Regardless, it's an interesting addition nonetheless.


----------



## DeathGlam (Apr 17, 2014)

I am sure if it gets expanded on it would involve Chaos but i would love the idea of being one of the missing loyalist primarch returned, maybe in a weakened state, would show why the powers that be do not want them returning and will do whatever is needed to stop the situation escalating.

Interesting either way but that would be my preferred route for the narrative to take.


----------



## Brother Lucian (Apr 22, 2011)

This encounter could make for a stellar seller if handed off to a capable author.


----------



## emporershand89 (Jun 11, 2010)

After reading through this there is little to no actual Fluff, just some mysterious mention of the event. Besides the Five loyal Astartes Chapters there really is litte on the Traitoris Eleven Chapters. There seems to be little mention of who this "Primarch," is, and his role in the events that played out.

Honestly seems like another Wikipedia Wanna-be writer; who really did a crappy job at reporting and cataloguing events. However it would be quite interesting to see how these events played out. I would love a novel series about such a war as the Tyrant of Badab really has dulled my sense in approaching Choas Fluff.


----------



## Brother Lucian (Apr 22, 2011)

emporershand89 said:


> After reading through this there is little to no actual Fluff, just some mysterious mention of the event. Besides the Five loyal Astartes Chapters there really is litte on the Traitoris Eleven Chapters. There seems to be little mention of who this "Primarch," is, and his role in the events that played out.
> 
> Honestly seems like another Wikipedia Wanna-be writer; who really did a crappy job at reporting and cataloguing events. However it would be quite interesting to see how these events played out. I would love a novel series about such a war as the Tyrant of Badab really has dulled my sense in approaching Choas Fluff.

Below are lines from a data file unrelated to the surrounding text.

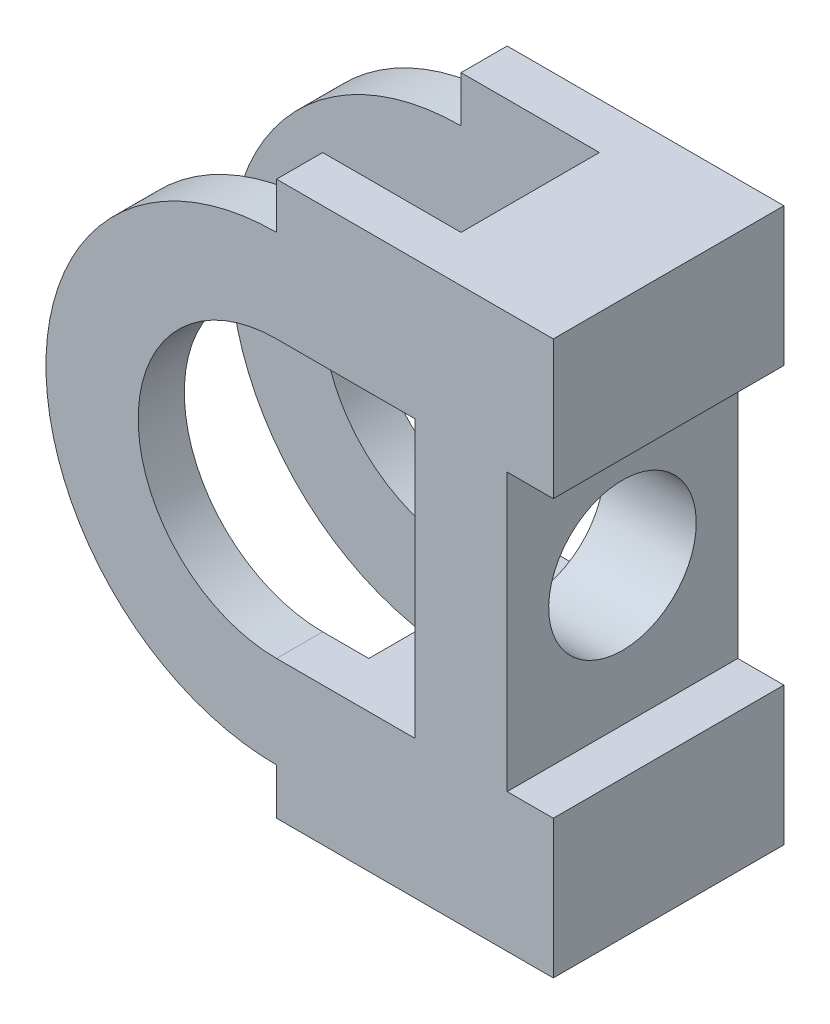
ISO-10303-21;
HEADER;
FILE_DESCRIPTION(('STEP AP214'),'2;1');
FILE_NAME('part.step','',(''),(''),'','','');
FILE_SCHEMA(('AUTOMOTIVE_DESIGN { 1 0 10303 214 1 1 1 1 }'));
ENDSEC;
DATA;
#1=APPLICATION_CONTEXT('core data for automotive mechanical design processes');
#2=APPLICATION_PROTOCOL_DEFINITION('international standard','automotive_design',2000,#1);
#3=PRODUCT_CONTEXT('',#1,'mechanical');
#4=PRODUCT('Part','Part','',(#3));
#5=PRODUCT_RELATED_PRODUCT_CATEGORY('part','',(#4));
#6=PRODUCT_DEFINITION_FORMATION('','',#4);
#7=PRODUCT_DEFINITION_CONTEXT('part definition',#1,'design');
#8=PRODUCT_DEFINITION('design','',#6,#7);
#9=PRODUCT_DEFINITION_SHAPE('','',#8);
#10=(LENGTH_UNIT() NAMED_UNIT(*) SI_UNIT(.MILLI.,.METRE.));
#11=(NAMED_UNIT(*) PLANE_ANGLE_UNIT() SI_UNIT($,.RADIAN.));
#12=(NAMED_UNIT(*) SI_UNIT($,.STERADIAN.) SOLID_ANGLE_UNIT());
#13=UNCERTAINTY_MEASURE_WITH_UNIT(LENGTH_MEASURE(1.E-05),#10,'distance_accuracy_value','');
#14=(GEOMETRIC_REPRESENTATION_CONTEXT(3) GLOBAL_UNCERTAINTY_ASSIGNED_CONTEXT((#13)) GLOBAL_UNIT_ASSIGNED_CONTEXT((#10,
#11,#12)) REPRESENTATION_CONTEXT('',''));
#15=CARTESIAN_POINT('',(0.,0.,0.));
#16=DIRECTION('',(0.,0.,1.));
#17=DIRECTION('',(1.,0.,0.));
#18=AXIS2_PLACEMENT_3D('',#15,#16,#17);
#19=CARTESIAN_POINT('',(9.99999999999999,-57.,10.));
#20=DIRECTION('',(1.,0.,0.));
#21=DIRECTION('',(0.,0.,-1.));
#22=AXIS2_PLACEMENT_3D('',#19,#20,#21);
#23=PLANE('',#22);
#24=DIRECTION('',(0.,0.,1.));
#25=VECTOR('',#24,1.);
#26=CARTESIAN_POINT('',(9.99999999999999,100.,10.));
#27=LINE('',#26,#25);
#28=CARTESIAN_POINT('',(9.99999999999999,100.,10.));
#29=VERTEX_POINT('',#28);
#30=CARTESIAN_POINT('',(10.,100.,40.));
#31=VERTEX_POINT('',#30);
#32=EDGE_CURVE('E247',#29,#31,#27,.T.);
#33=ORIENTED_EDGE('',*,*,#32,.F.);
#34=DIRECTION('',(0.,1.,0.));
#35=VECTOR('',#34,1.);
#36=CARTESIAN_POINT('',(9.99999999999999,-57.,10.));
#37=LINE('',#36,#35);
#38=CARTESIAN_POINT('',(9.99999999999999,90.,10.));
#39=VERTEX_POINT('',#38);
#40=EDGE_CURVE('E276',#39,#29,#37,.T.);
#41=ORIENTED_EDGE('',*,*,#40,.F.);
#42=DIRECTION('',(0.,0.,-1.));
#43=VECTOR('',#42,1.);
#44=CARTESIAN_POINT('',(9.99999999999999,90.,0.));
#45=LINE('',#44,#43);
#46=CARTESIAN_POINT('',(10.,90.,40.));
#47=VERTEX_POINT('',#46);
#48=EDGE_CURVE('E313',#47,#39,#45,.T.);
#49=ORIENTED_EDGE('',*,*,#48,.F.);
#50=DIRECTION('',(0.,1.,0.));
#51=VECTOR('',#50,1.);
#52=CARTESIAN_POINT('',(10.,-57.,40.));
#53=LINE('',#52,#51);
#54=EDGE_CURVE('E277',#47,#31,#53,.T.);
#55=ORIENTED_EDGE('',*,*,#54,.T.);
#56=EDGE_LOOP('',(#33,#41,#49,#55));
#57=FACE_BOUND('',#56,.T.);
#58=ADVANCED_FACE('F35',(#57),#23,.F.);
#59=CARTESIAN_POINT('',(0.,0.,50.));
#60=DIRECTION('',(1.,0.,0.));
#61=DIRECTION('',(0.,0.,-1.));
#62=AXIS2_PLACEMENT_3D('',#59,#60,#61);
#63=PLANE('',#62);
#64=DIRECTION('',(0.,0.,-1.));
#65=VECTOR('',#64,1.);
#66=CARTESIAN_POINT('',(0.,9.99999999999999,50.));
#67=LINE('',#66,#65);
#68=CARTESIAN_POINT('',(0.,9.99999999999999,50.));
#69=VERTEX_POINT('',#68);
#70=CARTESIAN_POINT('',(0.,9.99999999999999,40.));
#71=VERTEX_POINT('',#70);
#72=EDGE_CURVE('E412',#69,#71,#67,.T.);
#73=ORIENTED_EDGE('',*,*,#72,.T.);
#74=DIRECTION('',(0.,-1.,0.));
#75=VECTOR('',#74,1.);
#76=CARTESIAN_POINT('',(0.,0.,40.));
#77=LINE('',#76,#75);
#78=CARTESIAN_POINT('',(0.,0.,40.));
#79=VERTEX_POINT('',#78);
#80=EDGE_CURVE('E308',#71,#79,#77,.T.);
#81=ORIENTED_EDGE('',*,*,#80,.T.);
#82=DIRECTION('',(0.,0.,-1.));
#83=VECTOR('',#82,1.);
#84=CARTESIAN_POINT('',(0.,0.,50.));
#85=LINE('',#84,#83);
#86=CARTESIAN_POINT('',(0.,0.,50.));
#87=VERTEX_POINT('',#86);
#88=EDGE_CURVE('E430',#87,#79,#85,.T.);
#89=ORIENTED_EDGE('',*,*,#88,.F.);
#90=DIRECTION('',(0.,-1.,0.));
#91=VECTOR('',#90,1.);
#92=CARTESIAN_POINT('',(0.,0.,50.));
#93=LINE('',#92,#91);
#94=EDGE_CURVE('E379',#69,#87,#93,.T.);
#95=ORIENTED_EDGE('',*,*,#94,.F.);
#96=EDGE_LOOP('',(#73,#81,#89,#95));
#97=FACE_BOUND('',#96,.T.);
#98=ADVANCED_FACE('F509',(#97),#63,.F.);
#99=CARTESIAN_POINT('',(3.46944695195361E-13,120.,50.));
#100=DIRECTION('',(1.,0.,0.));
#101=DIRECTION('',(0.,0.,-1.));
#102=AXIS2_PLACEMENT_3D('',#99,#100,#101);
#103=PLANE('',#102);
#104=DIRECTION('',(0.,0.,-1.));
#105=VECTOR('',#104,1.);
#106=CARTESIAN_POINT('',(3.46944695195361E-13,120.,50.));
#107=LINE('',#106,#105);
#108=CARTESIAN_POINT('',(3.46944695195361E-13,120.,50.));
#109=VERTEX_POINT('',#108);
#110=CARTESIAN_POINT('',(3.46944695195361E-13,120.,40.));
#111=VERTEX_POINT('',#110);
#112=EDGE_CURVE('E420',#109,#111,#107,.T.);
#113=ORIENTED_EDGE('',*,*,#112,.T.);
#114=DIRECTION('',(0.,-1.,0.));
#115=VECTOR('',#114,1.);
#116=CARTESIAN_POINT('',(3.46944695195361E-13,120.,40.));
#117=LINE('',#116,#115);
#118=CARTESIAN_POINT('',(3.46944695195361E-13,110.,40.));
#119=VERTEX_POINT('',#118);
#120=EDGE_CURVE('E305',#111,#119,#117,.T.);
#121=ORIENTED_EDGE('',*,*,#120,.T.);
#122=DIRECTION('',(0.,0.,-1.));
#123=VECTOR('',#122,1.);
#124=CARTESIAN_POINT('',(3.46944695195361E-13,110.,50.));
#125=LINE('',#124,#123);
#126=CARTESIAN_POINT('',(3.46944695195361E-13,110.,50.));
#127=VERTEX_POINT('',#126);
#128=EDGE_CURVE('E416',#127,#119,#125,.T.);
#129=ORIENTED_EDGE('',*,*,#128,.F.);
#130=DIRECTION('',(0.,-1.,0.));
#131=VECTOR('',#130,1.);
#132=CARTESIAN_POINT('',(3.46944695195361E-13,120.,50.));
#133=LINE('',#132,#131);
#134=EDGE_CURVE('E391',#109,#127,#133,.T.);
#135=ORIENTED_EDGE('',*,*,#134,.F.);
#136=EDGE_LOOP('',(#113,#121,#129,#135));
#137=FACE_BOUND('',#136,.T.);
#138=ADVANCED_FACE('F514',(#137),#103,.F.);
#139=CARTESIAN_POINT('',(3.4670667125539E-13,60.,50.));
#140=DIRECTION('',(0.,0.,-1.));
#141=DIRECTION('',(-1.,0.,0.));
#142=AXIS2_PLACEMENT_3D('',#139,#140,#141);
#143=CYLINDRICAL_SURFACE('',#142,50.);
#144=ORIENTED_EDGE('',*,*,#128,.T.);
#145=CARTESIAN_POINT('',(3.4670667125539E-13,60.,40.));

Well it does have a source entry, so anyone with the book can look it up. But I wouldnt be suprised to see it expanded upon in the future. GW seems to listens regarding lorebits that generates buzz and discussion. Most notably Draigo and Mortarion's Heart, which got expanded upon and made much more clear to what happened.


----------



## hailene (Aug 28, 2009)

Brother Lucian said:


> Well it does have a source entry, so anyone with the book can look it up.


I acquired a copy. It's pretty much what the Lex entry says plus what I added. It's just literally two sentences.


----------



## Malus Darkblade (Jan 8, 2010)

5 chapters taking out 11 seems like propaganda.


----------



## Brother Lucian (Apr 22, 2011)

Malus Darkblade said:


> 5 chapters taking out 11 seems like propaganda.


5 chapters rolling 1 at a time seems quite plausible.


----------



## Malus Darkblade (Jan 8, 2010)

I doubt the traitor/renegade chapters would of let that happen.


----------



## hailene (Aug 28, 2009)

We have no specific knowledge of what happened.

For all we know, there were 11 (or 50 or 100) renegade factions all fighting amongst each other while the Loyalists swooped in.

Perhaps some members of the traitor Chapters fought FOR the Loyalists and then accepted the Emperor's Peace afterwards?

Maybe some cataclysmic event occurred--maybe the majority of the Traitor Chapters' fleet was lost in the Warp.

Anything could have happened. We have no information.


----------



## Brother Lucian (Apr 22, 2011)

I think the traitor legions still was reeling from the inter legionary wars at this point in time. Abby was just about getting started. So this affair might have been a wellcome imperial distraction for abby at a crucial time when the first black crusades rolled out.


----------



## Nacho libre (Feb 23, 2013)

Malus Darkblade said:


> 5 chapters taking out 11 seems like propaganda.


Welcome to the imperium, a place where a single guardsman can take down a daemon prince.


----------